Okay. Time for some long fucking jawbreaker ramblings here, because I haven't posted here in a few days and finally just finished the show without spoilers.

ANX vs. Cole/O'Reilly: I was looking forward to this coming in, because I'm a total Adam Cole mark. And it was so much better than I thought it would be. Total spotfest, but the spots were so crisp and the match was so fast paced that I didn't care. Perfect opener and it took the crowd by surprise too. Every so often there are matches that remind me why I like wrestling, matches that I'm not expecting to be good and then completely blow me away. This was one of those matches. Really, that's the highest praise I can give a match.

TJP vs. Cabana: I was also looking forward to this, also because I'm a total TJP mark for reasons I can't explain. But this match... eh. It just wasn't what it could have been. Both guys need to be in there against guys who can work with their style, and I guess they just didn't mesh. Still a fun little match, but not what I was hoping for. Also, if I drank every time TJ did his somersault roll-through thing, I would have been pretty smashed.

SDR/Serena vs. Haze/Kong: Chaotic, but still pretty decent. Serena did absolutely nothing up until the spear, but Sara made up for it. Solid match that slightly exceeded my expectations.

EE vs. Sonjay: Neither of these guys has any idea how to structure a singles match, so needless to say this was a spotfest with mostly less-than-impressive spots. Watching this last night, this match was where I gave up and went to sleep. At multiple points I literally thought "What the fuck are you doing that for?", not just at Sonjay, but at Edwards too. Good tag wrestlers masquerading as singles guys, both of them.

Daniels vs. Homicide: I guess it was okay. The finish was pretty bad, but I can live with it. Thought Bennett would get involved, but I actually really liked his post-match bit. Dude is a heat magnet, and if he can wrestle, he could be really really good.

KOW vs. Briscoes: As fucking through with the Briscoes as I am, I had absolutely no expectations for anything good to come out of this match other than from Hero and Claudio. And I was right. Still was decently fun I guess. Hagadorn took the fall, which was the right move, but the Kings got almost no offense in, and that was frustrating.

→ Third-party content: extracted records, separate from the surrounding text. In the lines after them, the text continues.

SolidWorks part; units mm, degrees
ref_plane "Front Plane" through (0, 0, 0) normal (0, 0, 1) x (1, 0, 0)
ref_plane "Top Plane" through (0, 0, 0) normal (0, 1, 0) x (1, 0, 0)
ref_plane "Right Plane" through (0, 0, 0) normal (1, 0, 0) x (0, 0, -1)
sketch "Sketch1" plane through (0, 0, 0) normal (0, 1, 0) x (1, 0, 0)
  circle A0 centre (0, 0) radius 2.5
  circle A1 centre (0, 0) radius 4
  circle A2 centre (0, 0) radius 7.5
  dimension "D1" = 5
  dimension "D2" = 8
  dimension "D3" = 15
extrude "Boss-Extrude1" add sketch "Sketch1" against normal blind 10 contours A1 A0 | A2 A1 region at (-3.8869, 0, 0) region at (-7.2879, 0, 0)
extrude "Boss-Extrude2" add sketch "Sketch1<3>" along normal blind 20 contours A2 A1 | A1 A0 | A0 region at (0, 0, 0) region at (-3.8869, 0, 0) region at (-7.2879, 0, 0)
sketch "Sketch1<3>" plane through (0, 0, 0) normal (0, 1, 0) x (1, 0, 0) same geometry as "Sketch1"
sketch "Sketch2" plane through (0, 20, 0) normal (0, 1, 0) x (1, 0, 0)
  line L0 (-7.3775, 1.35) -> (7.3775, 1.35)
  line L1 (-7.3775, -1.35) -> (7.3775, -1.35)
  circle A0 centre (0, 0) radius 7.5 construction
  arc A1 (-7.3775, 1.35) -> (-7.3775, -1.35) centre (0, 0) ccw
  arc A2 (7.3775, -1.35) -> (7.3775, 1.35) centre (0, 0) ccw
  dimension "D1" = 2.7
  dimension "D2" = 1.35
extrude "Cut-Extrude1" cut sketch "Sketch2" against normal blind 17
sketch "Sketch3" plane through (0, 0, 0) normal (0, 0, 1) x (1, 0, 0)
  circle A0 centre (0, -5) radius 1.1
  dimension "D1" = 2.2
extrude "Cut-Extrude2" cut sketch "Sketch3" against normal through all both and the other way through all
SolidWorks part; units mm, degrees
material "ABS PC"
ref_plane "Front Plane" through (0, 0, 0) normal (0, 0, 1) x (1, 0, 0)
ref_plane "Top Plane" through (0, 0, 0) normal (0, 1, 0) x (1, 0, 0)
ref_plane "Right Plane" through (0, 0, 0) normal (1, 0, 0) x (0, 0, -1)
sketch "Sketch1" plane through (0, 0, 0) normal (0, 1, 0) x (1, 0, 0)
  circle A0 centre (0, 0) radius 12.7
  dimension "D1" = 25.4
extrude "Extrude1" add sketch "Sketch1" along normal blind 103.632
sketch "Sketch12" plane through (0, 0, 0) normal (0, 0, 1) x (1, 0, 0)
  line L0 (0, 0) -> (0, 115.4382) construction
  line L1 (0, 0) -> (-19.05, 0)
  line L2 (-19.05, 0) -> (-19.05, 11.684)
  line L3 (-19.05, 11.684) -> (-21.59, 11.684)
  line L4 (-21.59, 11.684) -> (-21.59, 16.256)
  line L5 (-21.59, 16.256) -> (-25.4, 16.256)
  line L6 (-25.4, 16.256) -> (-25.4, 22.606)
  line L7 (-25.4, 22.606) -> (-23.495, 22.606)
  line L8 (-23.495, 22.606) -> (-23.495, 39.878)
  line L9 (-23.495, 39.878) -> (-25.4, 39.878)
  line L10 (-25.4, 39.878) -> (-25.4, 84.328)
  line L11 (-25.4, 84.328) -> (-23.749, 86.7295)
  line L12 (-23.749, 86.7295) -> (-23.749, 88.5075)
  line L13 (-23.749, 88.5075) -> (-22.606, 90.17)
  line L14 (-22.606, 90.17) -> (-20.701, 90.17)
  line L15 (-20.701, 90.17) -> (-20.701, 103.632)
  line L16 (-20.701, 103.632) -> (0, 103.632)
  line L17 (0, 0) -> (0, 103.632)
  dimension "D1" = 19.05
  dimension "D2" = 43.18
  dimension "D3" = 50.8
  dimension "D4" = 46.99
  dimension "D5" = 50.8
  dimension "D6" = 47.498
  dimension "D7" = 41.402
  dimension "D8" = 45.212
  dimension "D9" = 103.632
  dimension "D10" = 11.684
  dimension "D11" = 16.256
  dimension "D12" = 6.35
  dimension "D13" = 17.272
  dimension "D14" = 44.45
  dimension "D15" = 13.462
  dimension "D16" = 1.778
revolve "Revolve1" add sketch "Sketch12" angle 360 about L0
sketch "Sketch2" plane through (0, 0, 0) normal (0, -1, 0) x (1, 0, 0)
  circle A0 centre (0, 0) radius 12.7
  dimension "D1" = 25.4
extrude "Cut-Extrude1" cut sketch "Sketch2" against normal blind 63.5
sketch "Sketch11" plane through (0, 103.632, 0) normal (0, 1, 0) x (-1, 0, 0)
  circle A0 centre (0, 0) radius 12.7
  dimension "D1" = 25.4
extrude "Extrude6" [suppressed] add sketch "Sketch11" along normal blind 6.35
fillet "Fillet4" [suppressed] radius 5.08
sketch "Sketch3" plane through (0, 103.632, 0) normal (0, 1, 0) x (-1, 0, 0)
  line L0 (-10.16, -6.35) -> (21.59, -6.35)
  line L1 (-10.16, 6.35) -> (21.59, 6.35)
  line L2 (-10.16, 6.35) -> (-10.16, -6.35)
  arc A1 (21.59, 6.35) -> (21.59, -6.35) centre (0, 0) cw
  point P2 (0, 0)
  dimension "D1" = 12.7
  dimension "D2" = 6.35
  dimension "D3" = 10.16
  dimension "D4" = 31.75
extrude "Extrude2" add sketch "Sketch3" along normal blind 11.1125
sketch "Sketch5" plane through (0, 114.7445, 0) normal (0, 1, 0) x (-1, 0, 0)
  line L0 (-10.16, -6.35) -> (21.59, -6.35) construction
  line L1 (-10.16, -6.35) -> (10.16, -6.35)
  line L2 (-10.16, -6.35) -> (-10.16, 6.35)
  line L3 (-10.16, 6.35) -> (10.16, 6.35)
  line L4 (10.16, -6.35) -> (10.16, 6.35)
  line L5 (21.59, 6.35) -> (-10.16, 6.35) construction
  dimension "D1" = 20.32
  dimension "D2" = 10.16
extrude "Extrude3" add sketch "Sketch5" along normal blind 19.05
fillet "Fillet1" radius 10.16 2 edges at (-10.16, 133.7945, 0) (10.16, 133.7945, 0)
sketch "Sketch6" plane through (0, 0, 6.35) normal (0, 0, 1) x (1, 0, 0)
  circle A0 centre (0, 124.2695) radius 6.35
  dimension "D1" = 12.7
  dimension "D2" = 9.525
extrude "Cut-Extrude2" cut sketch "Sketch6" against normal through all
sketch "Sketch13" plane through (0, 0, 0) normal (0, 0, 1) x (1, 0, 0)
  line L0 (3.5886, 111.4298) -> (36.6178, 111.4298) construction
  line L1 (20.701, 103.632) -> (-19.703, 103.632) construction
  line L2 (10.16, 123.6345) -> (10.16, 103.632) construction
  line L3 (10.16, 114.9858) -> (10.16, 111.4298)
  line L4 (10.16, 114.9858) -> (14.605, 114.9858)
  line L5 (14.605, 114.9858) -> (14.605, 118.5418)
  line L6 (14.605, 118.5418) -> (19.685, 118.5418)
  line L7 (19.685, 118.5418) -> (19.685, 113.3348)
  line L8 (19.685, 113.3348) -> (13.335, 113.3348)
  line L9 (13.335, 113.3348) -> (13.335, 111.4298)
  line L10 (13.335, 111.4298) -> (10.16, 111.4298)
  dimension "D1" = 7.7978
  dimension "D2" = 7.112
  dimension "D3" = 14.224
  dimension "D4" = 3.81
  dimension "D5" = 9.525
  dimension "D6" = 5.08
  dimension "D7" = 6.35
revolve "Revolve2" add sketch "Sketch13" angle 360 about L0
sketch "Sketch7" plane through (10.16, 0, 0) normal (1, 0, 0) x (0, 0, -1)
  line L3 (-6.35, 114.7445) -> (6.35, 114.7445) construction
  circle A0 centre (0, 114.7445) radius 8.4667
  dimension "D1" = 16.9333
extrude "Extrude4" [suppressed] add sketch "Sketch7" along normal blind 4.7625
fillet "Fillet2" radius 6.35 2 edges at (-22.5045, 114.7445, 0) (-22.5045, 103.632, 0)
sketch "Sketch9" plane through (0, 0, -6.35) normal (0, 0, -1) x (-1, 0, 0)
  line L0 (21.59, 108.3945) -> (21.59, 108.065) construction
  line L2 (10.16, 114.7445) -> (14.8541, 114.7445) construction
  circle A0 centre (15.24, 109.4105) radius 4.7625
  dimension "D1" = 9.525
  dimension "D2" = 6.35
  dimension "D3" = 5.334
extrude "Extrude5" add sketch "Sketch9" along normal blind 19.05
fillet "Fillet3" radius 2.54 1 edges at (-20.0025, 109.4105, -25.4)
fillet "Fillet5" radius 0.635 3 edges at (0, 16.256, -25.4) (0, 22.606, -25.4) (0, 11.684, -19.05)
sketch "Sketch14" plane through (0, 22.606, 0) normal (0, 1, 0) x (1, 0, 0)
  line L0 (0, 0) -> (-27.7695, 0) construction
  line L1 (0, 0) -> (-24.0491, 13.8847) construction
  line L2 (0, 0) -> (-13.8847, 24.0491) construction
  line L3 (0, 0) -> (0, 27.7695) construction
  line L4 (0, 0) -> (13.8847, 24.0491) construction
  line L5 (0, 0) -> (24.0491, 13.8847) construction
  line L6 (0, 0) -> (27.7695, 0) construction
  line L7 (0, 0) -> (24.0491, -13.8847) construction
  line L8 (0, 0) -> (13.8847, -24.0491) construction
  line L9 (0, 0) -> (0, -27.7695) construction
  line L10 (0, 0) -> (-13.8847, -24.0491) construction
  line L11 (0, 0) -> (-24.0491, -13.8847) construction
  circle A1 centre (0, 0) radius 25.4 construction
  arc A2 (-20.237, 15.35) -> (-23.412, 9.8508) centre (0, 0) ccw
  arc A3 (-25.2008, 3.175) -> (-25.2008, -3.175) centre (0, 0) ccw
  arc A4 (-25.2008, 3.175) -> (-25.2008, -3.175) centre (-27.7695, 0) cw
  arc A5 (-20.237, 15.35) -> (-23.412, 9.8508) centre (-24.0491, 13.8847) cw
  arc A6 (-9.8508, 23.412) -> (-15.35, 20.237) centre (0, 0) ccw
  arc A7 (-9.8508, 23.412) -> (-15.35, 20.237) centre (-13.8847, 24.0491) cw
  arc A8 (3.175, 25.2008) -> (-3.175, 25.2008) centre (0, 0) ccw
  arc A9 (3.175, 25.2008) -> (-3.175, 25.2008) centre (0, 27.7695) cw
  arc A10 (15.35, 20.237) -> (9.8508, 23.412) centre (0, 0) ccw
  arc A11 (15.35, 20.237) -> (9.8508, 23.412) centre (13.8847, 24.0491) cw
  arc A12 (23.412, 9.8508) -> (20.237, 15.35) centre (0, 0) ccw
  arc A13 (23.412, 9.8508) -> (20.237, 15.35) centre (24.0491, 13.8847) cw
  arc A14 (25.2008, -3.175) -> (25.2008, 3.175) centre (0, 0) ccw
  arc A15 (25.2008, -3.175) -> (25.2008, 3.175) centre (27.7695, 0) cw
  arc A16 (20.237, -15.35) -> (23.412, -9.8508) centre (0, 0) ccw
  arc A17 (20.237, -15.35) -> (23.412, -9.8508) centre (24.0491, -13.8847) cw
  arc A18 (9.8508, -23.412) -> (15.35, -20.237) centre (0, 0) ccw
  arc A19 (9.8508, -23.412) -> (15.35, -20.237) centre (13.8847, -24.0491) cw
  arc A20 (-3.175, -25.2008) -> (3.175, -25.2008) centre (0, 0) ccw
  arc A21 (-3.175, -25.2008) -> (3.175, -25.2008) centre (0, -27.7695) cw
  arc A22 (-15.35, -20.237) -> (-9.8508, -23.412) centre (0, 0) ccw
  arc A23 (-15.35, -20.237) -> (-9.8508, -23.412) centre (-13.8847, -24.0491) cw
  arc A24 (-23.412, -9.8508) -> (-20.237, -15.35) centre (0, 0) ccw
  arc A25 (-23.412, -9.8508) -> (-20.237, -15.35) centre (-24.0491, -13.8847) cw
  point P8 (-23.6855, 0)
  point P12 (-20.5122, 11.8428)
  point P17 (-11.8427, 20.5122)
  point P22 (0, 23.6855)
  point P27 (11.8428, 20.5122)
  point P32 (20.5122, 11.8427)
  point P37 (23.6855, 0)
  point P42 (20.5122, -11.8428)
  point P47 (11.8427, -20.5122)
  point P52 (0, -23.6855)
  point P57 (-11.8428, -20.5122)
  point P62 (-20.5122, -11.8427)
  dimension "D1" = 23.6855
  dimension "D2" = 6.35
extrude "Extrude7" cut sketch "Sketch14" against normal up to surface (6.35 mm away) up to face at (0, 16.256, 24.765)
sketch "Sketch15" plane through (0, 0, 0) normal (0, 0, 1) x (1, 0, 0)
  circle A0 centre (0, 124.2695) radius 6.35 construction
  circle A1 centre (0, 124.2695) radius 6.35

Strong/Richards: This was really good. With the countout teases in like every title match during the Pearce era, I thought I could never buy one again, but this match actually pulled it off. The finish was fantastic and Strong winning makes me happy. The one major problem I have with this match is the arm work that was all great in the beginning, and then never really mattered again except for a couple kimuras and armbars. Still a really good match. Not sure if I prefer it to their Titannica match, I think they're about equal. Was expecting Truth to get involved the whole time, and he didn't really, which was certainly okay.

Steen vs. Generico: Not sure how I feel about this match. On the one hand, it was bloody, brutal, and a fitting end to the feud, but on the other hand I get the complaints about the slow pace. I can't really put my finger on it, but something about this match just seemed a bit off to me. Both men played their characters well and I thought the finish was great, but my favorite match from this feud is still the street fight at BFSE2. EDIT: Seabs said what I wanted to say while I was typing this post. Well done Seabs.

Overall, the show was great. Best ROH iPPV so far. Every match either met or exceeded my expectations, and I never felt like I wanted my money back, which I had felt at all the previous shows.

Star ratings for the lulz:

ANX vs. Cole/O'Reilly: ****
TJP vs. Cabana: **1/2
SDR/Serena vs. Kong/Haze: **3/4
EE vs. Sonjay: *3/4
Daniels vs. Homicide: ***1/4
KOW vs. Briscoes: ***
Strong vs. Richards: ****1/2
Steen vs. Generico: ****1/2


----------



## Emperor DC (Apr 3, 2006)

> - ROH has received word that they have gotten over 1,750 orders for Saturday's Final Battle I-PPV. This includes replay buys, and the number is still growing. Their previous record for orders was between 1,500-1,600. You can order a replay of the event here. [Credit: Pwinsider.com]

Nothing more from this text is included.